## Your instructions
Beginning with the line containing "#158=ORIENTED_EDGE('',*,*,#157,.T.);" and ending with the last line, repeat the records exactly.

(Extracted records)
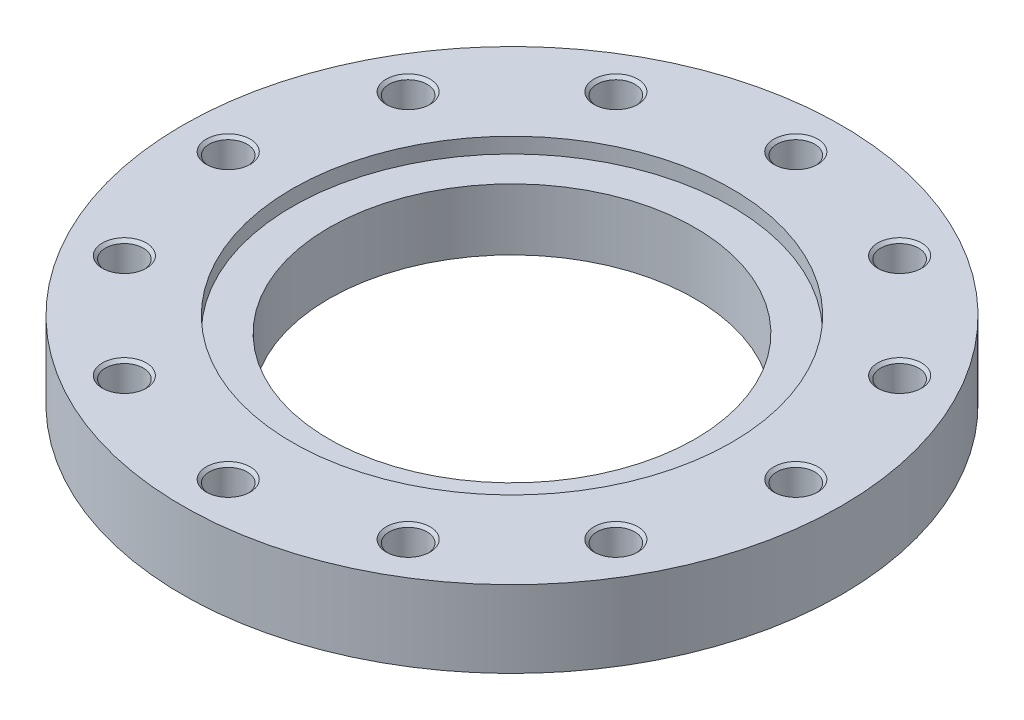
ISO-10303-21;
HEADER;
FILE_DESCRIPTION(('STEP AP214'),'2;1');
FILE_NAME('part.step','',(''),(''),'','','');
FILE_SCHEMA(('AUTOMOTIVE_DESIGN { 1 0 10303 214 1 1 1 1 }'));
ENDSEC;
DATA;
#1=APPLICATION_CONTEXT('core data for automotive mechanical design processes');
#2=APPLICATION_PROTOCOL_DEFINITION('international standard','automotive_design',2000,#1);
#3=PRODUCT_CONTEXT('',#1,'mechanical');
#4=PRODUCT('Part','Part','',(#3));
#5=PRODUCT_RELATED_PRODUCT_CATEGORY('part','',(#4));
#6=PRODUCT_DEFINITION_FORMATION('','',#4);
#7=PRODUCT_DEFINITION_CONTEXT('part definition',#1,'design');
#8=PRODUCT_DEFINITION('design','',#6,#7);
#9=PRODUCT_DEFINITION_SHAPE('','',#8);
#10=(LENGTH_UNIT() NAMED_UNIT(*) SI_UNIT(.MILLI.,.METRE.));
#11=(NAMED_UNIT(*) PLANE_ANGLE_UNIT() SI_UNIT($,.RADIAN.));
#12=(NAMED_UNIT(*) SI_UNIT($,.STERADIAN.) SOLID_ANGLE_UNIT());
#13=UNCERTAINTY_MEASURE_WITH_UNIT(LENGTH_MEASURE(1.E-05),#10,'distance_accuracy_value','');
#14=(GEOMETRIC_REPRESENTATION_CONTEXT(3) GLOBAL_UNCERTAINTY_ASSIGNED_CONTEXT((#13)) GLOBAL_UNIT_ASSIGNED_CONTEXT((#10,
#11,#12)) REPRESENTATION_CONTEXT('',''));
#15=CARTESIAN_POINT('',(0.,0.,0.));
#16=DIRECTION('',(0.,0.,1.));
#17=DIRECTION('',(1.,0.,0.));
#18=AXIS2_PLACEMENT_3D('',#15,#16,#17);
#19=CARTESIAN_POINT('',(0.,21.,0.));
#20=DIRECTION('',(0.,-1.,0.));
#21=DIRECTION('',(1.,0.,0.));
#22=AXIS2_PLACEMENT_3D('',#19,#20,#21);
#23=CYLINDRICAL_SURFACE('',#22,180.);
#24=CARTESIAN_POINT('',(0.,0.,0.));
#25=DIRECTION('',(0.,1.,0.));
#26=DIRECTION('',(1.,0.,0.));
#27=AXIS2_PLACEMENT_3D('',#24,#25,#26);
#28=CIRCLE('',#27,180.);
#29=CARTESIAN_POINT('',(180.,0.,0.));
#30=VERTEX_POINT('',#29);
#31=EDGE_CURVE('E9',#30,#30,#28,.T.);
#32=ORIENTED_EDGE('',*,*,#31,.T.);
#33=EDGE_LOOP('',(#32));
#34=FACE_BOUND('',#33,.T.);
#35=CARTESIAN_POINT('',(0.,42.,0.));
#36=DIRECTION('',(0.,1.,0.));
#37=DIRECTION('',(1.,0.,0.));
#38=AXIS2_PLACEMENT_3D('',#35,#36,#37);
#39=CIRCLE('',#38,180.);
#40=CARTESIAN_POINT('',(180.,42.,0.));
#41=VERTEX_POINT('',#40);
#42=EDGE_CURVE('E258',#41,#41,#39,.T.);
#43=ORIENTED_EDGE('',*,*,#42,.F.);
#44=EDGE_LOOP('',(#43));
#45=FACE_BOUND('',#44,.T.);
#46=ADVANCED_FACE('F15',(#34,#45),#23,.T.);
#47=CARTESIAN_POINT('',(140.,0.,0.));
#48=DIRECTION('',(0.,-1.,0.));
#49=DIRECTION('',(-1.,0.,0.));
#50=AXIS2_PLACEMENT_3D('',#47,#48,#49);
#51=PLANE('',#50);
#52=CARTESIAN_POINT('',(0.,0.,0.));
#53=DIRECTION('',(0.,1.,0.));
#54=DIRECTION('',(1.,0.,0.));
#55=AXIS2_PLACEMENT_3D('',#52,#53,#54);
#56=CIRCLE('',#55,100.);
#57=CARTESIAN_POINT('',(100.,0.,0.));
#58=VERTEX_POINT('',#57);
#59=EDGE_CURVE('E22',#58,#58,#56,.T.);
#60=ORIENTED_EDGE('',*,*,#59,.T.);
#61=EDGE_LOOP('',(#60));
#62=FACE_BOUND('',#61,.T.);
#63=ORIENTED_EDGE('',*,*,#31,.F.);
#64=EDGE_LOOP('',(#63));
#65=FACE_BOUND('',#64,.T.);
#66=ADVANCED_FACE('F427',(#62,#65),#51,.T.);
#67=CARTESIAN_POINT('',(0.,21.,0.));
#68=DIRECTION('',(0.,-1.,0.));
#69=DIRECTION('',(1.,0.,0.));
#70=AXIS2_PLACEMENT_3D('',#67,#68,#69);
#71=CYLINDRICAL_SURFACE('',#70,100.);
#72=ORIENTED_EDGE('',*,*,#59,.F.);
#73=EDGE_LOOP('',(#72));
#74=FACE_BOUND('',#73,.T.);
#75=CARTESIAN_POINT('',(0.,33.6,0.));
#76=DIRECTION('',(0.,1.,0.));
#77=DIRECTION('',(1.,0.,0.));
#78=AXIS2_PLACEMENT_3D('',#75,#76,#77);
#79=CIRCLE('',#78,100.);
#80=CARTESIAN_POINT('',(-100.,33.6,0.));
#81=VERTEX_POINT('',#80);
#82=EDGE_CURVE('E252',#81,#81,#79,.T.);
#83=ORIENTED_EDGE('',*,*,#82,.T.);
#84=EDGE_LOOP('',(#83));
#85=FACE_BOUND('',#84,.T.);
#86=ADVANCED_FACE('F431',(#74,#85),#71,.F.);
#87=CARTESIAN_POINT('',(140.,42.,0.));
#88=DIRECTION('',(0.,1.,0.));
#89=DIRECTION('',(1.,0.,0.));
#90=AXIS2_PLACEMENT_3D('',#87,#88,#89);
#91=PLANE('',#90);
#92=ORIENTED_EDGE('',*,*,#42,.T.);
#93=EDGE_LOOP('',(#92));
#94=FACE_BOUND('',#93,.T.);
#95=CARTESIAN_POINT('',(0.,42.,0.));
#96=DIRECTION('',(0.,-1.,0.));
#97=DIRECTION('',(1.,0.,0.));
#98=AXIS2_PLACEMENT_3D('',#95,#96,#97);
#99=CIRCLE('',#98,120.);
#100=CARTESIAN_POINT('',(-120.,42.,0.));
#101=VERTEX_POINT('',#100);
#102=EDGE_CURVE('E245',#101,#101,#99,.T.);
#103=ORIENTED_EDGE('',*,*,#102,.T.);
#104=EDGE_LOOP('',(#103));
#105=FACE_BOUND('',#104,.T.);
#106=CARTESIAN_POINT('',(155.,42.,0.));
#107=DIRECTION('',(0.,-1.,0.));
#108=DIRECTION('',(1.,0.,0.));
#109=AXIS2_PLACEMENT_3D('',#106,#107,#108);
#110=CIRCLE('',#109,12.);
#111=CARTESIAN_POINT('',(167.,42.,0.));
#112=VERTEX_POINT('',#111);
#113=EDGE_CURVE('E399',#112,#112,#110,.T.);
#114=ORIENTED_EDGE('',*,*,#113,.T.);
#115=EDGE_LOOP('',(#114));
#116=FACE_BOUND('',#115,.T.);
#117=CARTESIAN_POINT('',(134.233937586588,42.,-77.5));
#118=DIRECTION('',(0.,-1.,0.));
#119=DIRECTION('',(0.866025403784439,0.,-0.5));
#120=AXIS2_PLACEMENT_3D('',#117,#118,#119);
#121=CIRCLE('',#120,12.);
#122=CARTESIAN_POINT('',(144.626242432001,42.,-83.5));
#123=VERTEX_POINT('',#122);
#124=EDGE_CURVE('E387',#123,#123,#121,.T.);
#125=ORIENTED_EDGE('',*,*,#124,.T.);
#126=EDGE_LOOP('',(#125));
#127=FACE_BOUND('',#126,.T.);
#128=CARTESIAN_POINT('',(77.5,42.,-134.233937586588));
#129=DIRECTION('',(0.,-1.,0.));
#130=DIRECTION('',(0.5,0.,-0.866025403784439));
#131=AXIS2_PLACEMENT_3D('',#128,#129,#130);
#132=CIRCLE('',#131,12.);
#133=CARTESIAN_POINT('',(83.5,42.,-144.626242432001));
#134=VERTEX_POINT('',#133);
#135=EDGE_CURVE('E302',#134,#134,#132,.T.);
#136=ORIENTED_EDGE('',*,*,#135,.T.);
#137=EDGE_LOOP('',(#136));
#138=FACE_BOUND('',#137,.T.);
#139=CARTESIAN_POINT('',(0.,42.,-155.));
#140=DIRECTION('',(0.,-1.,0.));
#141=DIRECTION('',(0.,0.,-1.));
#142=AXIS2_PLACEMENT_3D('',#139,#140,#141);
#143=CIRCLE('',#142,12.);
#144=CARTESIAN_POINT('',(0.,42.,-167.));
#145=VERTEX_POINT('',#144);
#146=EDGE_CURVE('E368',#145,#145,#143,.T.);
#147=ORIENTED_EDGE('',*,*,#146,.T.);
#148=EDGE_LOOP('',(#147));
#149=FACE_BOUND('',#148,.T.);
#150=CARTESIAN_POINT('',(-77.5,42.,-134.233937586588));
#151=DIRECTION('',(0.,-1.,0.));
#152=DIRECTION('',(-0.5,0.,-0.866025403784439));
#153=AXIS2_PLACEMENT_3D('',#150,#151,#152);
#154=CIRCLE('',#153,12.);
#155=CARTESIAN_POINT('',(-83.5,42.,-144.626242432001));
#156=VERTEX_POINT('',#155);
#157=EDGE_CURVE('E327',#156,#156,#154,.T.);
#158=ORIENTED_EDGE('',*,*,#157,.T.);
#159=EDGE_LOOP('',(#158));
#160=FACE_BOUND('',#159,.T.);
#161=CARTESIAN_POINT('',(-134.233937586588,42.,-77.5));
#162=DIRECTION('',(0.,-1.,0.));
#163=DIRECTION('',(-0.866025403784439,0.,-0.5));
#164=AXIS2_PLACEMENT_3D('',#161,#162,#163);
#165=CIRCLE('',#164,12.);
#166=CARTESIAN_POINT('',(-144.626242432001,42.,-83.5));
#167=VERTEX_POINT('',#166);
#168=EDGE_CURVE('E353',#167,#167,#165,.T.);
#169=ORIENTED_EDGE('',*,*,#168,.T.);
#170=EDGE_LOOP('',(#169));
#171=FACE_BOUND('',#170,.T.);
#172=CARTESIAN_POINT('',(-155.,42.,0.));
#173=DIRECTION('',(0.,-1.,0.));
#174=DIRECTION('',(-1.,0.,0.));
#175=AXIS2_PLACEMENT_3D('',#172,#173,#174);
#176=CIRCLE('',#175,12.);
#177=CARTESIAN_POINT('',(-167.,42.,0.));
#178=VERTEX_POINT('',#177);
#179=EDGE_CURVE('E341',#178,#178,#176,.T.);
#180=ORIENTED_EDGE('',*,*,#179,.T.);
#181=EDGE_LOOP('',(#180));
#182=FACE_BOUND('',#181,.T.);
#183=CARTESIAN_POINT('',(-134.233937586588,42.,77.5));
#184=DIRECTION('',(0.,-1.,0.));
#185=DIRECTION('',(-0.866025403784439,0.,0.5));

## Answer for the task
#158=ORIENTED_EDGE('',*,*,#157,.T.);
#159=EDGE_LOOP('',(#158));
#160=FACE_BOUND('',#159,.T.);
#161=CARTESIAN_POINT('',(-134.233937586588,42.,-77.5));
#162=DIRECTION('',(0.,-1.,0.));
#163=DIRECTION('',(-0.866025403784439,0.,-0.5));
#164=AXIS2_PLACEMENT_3D('',#161,#162,#163);
#165=CIRCLE('',#164,12.);
#166=CARTESIAN_POINT('',(-144.626242432001,42.,-83.5));
#167=VERTEX_POINT('',#166);
#168=EDGE_CURVE('E353',#167,#167,#165,.T.);
#169=ORIENTED_EDGE('',*,*,#168,.T.);
#170=EDGE_LOOP('',(#169));
#171=FACE_BOUND('',#170,.T.);
#172=CARTESIAN_POINT('',(-155.,42.,0.));
#173=DIRECTION('',(0.,-1.,0.));
#174=DIRECTION('',(-1.,0.,0.));
#175=AXIS2_PLACEMENT_3D('',#172,#173,#174);
#176=CIRCLE('',#175,12.);
#177=CARTESIAN_POINT('',(-167.,42.,0.));
#178=VERTEX_POINT('',#177);
#179=EDGE_CURVE('E341',#178,#178,#176,.T.);
#180=ORIENTED_EDGE('',*,*,#179,.T.);
#181=EDGE_LOOP('',(#180));
#182=FACE_BOUND('',#181,.T.);
#183=CARTESIAN_POINT('',(-134.233937586588,42.,77.5));
#184=DIRECTION('',(0.,-1.,0.));
#185=DIRECTION('',(-0.866025403784439,0.,0.5));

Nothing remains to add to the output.